F2021
WORTH: 25%
Design History Timeline Project
Template will be provided on D2L
Traditional academic design history courses and material can be quite limited in focus looking at history as a survey with a focus on key objects and movements and memorization of dates. History of design texts have been criticized for being too linear and for having a lack of depth. Considering who decides what is historically and culturally significant, texts tend to focus on aesthetic and monetary value, often overlooking the complexity of social, cultural and situational influences. Traditional design timelines often focus on European, American, and only select points of Asian and Scandinavian design history, overlooking parallel but also significant design histories in other countries. The only countries consistently on the traditional design timeline are England, France and the United States. Traditional timelines tend to focus on larger movements, leaving out smaller but just as impactful design movements.
Assignment
Students will choose a country that does not appear within traditional design research and also select a 100-year period to examine. You will choose a specific country, like Denmark, or an overall region if the design within this region has been consistent, like Scandinavia. The culture or region you choose should be one with a rich design history that may be overlooked in the traditional survey style timeline. You also want to verify that you can locate appropriate sources for this assignment.
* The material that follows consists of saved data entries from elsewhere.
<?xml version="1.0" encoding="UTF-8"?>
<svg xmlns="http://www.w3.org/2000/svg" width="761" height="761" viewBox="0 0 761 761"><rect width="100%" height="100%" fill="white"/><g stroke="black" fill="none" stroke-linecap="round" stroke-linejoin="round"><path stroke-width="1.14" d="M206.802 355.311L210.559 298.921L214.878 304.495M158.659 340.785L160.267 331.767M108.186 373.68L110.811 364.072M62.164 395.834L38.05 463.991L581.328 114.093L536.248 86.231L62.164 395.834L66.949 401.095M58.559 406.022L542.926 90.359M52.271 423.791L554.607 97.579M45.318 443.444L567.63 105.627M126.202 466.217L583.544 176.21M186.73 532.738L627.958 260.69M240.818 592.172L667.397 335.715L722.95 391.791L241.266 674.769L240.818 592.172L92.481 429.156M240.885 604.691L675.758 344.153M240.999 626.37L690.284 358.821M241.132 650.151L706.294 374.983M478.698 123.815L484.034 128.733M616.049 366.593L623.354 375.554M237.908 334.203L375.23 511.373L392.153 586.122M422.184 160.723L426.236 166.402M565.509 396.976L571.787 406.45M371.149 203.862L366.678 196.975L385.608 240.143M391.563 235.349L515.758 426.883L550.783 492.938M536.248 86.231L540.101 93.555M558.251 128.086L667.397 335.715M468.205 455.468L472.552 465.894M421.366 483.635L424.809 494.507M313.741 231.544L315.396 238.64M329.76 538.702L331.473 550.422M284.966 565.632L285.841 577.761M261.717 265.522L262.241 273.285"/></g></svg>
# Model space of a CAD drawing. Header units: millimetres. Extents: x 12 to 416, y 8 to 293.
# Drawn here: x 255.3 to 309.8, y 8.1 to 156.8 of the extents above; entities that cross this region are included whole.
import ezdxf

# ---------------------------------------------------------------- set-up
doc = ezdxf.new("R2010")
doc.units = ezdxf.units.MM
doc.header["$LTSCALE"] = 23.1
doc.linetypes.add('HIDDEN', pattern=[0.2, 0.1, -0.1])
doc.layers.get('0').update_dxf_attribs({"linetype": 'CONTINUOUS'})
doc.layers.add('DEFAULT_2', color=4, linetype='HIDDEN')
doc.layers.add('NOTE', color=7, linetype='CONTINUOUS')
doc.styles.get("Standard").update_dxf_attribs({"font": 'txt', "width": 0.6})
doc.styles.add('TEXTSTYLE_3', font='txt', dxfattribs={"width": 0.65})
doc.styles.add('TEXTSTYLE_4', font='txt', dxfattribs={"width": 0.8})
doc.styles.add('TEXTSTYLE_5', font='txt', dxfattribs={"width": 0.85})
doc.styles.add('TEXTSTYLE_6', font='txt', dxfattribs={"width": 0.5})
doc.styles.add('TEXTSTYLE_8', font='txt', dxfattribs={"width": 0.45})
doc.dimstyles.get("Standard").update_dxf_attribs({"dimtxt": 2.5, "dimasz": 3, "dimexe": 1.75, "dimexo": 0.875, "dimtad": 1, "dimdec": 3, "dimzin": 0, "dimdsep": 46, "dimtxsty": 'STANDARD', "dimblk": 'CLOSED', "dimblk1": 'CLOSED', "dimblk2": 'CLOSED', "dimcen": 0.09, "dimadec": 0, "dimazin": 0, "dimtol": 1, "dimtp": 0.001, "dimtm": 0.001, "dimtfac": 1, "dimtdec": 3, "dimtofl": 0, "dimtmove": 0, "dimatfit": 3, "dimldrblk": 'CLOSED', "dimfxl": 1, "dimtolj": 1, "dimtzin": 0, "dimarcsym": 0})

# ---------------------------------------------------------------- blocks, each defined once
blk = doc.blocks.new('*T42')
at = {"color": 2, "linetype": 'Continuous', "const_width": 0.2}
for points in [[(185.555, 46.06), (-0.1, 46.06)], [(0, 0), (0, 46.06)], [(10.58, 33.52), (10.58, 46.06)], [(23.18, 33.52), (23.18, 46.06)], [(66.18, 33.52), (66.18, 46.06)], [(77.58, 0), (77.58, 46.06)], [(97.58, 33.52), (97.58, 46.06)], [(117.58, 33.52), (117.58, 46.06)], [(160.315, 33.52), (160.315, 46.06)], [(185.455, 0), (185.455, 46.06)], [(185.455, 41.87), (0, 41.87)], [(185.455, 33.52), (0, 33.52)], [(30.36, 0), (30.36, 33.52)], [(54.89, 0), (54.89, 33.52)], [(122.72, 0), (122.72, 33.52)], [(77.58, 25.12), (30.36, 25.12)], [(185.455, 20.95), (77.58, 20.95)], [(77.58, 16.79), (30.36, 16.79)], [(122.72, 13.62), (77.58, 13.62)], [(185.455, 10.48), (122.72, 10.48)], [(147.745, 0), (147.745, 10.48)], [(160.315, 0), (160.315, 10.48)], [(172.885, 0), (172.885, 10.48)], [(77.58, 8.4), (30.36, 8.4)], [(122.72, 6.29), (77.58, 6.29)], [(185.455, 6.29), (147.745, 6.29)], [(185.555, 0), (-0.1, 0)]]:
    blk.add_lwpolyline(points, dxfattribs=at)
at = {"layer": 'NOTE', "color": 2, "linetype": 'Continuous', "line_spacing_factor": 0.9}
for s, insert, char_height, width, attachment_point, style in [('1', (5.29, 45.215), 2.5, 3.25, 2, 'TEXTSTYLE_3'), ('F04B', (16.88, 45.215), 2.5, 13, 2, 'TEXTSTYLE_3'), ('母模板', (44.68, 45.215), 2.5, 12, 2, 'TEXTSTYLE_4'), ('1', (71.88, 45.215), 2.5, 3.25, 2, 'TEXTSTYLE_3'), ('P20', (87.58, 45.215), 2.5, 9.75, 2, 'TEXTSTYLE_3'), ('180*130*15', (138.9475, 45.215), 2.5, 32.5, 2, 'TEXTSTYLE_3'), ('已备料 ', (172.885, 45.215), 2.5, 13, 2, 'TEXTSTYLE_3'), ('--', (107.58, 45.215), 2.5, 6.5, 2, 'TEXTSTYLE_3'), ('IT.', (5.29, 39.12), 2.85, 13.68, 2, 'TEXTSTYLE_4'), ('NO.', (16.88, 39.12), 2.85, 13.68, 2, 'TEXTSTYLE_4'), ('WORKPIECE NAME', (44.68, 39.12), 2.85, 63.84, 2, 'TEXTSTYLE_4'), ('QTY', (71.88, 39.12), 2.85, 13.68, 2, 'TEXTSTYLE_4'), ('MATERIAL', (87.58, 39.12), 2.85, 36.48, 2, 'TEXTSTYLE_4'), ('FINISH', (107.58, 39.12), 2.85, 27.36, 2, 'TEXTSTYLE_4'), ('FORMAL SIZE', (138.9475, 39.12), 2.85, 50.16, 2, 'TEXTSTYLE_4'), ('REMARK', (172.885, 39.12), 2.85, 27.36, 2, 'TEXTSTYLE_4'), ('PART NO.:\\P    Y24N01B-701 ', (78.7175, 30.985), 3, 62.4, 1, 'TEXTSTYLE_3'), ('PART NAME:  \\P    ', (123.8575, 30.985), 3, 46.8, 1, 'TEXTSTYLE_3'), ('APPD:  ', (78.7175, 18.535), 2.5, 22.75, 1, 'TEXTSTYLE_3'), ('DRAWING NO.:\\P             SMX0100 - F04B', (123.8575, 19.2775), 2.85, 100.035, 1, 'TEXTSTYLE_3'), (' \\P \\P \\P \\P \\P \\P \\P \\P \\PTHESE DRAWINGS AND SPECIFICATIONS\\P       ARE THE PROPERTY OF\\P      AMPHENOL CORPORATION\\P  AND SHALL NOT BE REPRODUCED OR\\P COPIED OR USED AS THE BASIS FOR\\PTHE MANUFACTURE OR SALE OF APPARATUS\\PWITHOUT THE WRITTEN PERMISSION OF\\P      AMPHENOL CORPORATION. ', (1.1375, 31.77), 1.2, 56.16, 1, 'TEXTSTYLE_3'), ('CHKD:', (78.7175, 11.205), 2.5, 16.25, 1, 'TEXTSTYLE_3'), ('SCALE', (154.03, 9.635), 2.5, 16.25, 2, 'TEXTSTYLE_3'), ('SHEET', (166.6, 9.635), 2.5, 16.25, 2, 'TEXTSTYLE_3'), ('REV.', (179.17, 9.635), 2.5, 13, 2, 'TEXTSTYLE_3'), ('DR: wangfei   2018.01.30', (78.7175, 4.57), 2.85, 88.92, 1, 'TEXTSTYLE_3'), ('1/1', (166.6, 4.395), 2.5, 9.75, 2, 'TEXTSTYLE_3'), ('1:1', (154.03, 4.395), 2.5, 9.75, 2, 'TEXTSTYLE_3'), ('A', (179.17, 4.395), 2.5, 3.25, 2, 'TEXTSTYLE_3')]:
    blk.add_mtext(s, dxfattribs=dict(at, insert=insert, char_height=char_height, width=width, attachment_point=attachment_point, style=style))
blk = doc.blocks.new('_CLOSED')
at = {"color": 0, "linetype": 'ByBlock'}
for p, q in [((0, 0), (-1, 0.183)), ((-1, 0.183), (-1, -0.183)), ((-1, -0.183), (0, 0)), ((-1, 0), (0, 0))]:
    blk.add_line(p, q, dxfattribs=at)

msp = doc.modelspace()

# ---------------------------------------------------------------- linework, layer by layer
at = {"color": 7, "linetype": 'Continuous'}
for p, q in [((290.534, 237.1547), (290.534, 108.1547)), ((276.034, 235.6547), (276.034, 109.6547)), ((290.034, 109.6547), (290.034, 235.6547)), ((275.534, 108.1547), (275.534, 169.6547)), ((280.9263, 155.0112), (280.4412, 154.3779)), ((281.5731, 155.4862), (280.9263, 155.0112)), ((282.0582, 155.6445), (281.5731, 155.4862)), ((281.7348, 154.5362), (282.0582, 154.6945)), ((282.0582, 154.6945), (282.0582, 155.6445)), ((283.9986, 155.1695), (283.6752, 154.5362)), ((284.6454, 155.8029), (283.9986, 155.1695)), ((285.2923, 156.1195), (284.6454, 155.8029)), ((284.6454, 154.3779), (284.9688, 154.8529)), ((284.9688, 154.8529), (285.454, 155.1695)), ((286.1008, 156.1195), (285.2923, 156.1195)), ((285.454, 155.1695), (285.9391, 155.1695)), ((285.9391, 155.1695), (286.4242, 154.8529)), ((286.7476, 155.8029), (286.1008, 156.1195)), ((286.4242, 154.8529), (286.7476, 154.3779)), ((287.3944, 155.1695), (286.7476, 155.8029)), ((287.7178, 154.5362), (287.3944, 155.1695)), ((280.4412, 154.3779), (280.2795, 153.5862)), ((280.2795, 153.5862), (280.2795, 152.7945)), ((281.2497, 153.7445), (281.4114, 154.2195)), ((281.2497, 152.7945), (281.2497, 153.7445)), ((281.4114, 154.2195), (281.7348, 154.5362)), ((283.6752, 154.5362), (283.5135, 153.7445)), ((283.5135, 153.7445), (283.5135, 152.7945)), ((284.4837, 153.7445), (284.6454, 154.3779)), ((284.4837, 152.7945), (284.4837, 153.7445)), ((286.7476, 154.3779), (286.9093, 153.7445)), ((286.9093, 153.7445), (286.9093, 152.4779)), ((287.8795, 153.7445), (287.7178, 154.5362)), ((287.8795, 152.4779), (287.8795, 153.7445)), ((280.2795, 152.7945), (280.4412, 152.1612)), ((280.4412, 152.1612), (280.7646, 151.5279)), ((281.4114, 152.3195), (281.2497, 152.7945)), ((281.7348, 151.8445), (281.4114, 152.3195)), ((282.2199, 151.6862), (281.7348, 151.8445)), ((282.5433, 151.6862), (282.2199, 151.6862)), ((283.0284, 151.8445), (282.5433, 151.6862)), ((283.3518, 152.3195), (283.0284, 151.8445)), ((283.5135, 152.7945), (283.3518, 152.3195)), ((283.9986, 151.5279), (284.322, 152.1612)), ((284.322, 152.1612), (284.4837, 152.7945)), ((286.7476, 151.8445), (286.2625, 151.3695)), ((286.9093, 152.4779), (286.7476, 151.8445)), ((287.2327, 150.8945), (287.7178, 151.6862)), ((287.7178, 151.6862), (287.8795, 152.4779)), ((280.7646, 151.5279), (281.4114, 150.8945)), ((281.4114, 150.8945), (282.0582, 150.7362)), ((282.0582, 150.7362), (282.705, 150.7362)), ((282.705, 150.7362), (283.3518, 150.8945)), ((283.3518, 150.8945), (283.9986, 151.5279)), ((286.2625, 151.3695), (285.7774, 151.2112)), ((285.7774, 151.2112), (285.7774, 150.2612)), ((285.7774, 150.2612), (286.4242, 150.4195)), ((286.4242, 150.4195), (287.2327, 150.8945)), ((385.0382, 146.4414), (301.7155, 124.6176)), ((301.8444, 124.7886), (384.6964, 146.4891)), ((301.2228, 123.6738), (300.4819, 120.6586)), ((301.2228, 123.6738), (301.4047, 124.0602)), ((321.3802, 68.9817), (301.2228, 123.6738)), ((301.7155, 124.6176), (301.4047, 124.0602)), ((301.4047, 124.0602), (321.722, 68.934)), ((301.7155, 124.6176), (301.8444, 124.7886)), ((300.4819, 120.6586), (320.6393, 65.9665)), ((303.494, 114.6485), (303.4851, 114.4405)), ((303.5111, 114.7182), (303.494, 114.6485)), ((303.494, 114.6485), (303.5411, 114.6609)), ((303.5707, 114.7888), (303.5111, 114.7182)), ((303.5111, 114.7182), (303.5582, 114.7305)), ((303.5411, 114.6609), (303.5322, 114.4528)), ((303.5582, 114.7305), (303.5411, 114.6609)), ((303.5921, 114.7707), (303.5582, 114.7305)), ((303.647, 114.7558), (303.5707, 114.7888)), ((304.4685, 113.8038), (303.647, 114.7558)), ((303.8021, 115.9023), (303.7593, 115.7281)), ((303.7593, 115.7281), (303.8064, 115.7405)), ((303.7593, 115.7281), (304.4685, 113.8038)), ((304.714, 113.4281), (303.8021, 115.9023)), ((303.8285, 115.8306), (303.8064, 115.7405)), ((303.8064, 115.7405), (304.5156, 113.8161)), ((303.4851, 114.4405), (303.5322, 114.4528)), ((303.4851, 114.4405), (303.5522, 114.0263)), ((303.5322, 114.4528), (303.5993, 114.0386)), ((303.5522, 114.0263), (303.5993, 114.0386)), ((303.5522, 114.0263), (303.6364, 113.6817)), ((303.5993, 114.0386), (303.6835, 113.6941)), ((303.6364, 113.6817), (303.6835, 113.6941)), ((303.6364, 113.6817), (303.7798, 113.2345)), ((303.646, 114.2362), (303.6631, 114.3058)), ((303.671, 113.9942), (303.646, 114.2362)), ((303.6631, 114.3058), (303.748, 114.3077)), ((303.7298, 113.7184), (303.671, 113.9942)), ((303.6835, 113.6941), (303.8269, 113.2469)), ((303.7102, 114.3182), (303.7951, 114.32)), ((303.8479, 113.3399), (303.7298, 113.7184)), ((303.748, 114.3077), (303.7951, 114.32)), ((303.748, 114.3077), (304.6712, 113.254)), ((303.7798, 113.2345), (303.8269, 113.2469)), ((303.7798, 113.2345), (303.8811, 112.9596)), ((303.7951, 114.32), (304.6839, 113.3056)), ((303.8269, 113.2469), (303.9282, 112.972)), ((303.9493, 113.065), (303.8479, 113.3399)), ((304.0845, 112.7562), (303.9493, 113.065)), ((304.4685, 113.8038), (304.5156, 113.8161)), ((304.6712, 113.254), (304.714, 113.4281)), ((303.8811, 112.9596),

You will then research the design history of that country within the 100-year period and identify 3 key moments or events that occurred within your chosen 100 years that changed design. Was there a war? A change in politics, a design movement, a natural disaster? Your events can overlap your 100-year period, but they need to have happened within it. Consider each event and how did it change design in general and specifically. For each impactful moment you should be addressing how design was changed overall from this event and give 1-2 specific examples to support this. For the assignment you are researching design history, not art history. You can look at art history from the region for guidance, but if you are looking at art history for research purposes it needs to be connected back to design. Be sure your discussion focuses on changes within design within that 100-year period. You cannot choose England, France, or the United States for your country as these countries regularly appear on the design timeline. If you choose a country that appears sporadically, be sure that you are not choosing a 100-year period that is regularly studied. For example, If I choose Greece, I will not choose the classical period and look at architecture and columns as this appears in every traditional design history. But I could choose Greece and look at the impact of World War 2 as one of my events within a 100-year period. This is a time in Greece’s design history that would be overlooked on the design timeline.
Assignment Process
Students will format the assignment using the provided template and the guiding questions to develop their research. Fill in the alternate timeline, identifying the beginning and the end of your 100 years, the name of your country or region and 3 major events or impactful moment that altered this timeline. For the written component students will
• Use the template and headings provided to format your work
• Introduce the alternate timeline- why do you think it was overlooked, why did you choose it, what in your opinion makes it a significant design timeline (1-3 paragraphs)
• identify the 3 impactful moments and how they altered design movements on this timeline. What happened? Why was it significant? How did it alter aesthetics and principles of design in your timeline? (minimum of 1 paragraph per event)
• Include a minimum of 2-3 academic sources
• Fill in the visual timeline identifying your 100-year period and 3 impactful moments
• References should be properly cited in MLA
• All research must be cited using in-text citations. Plagiarism will result in a zero. Your work will go through Turnitin for a plagiarism check. If your Turnitin score is close to 20% or above it, check your similarity report and fix your submission before the deadline.
• Plagiarism includes self- plagiarism, you cannot reuse research from assignments for other classes.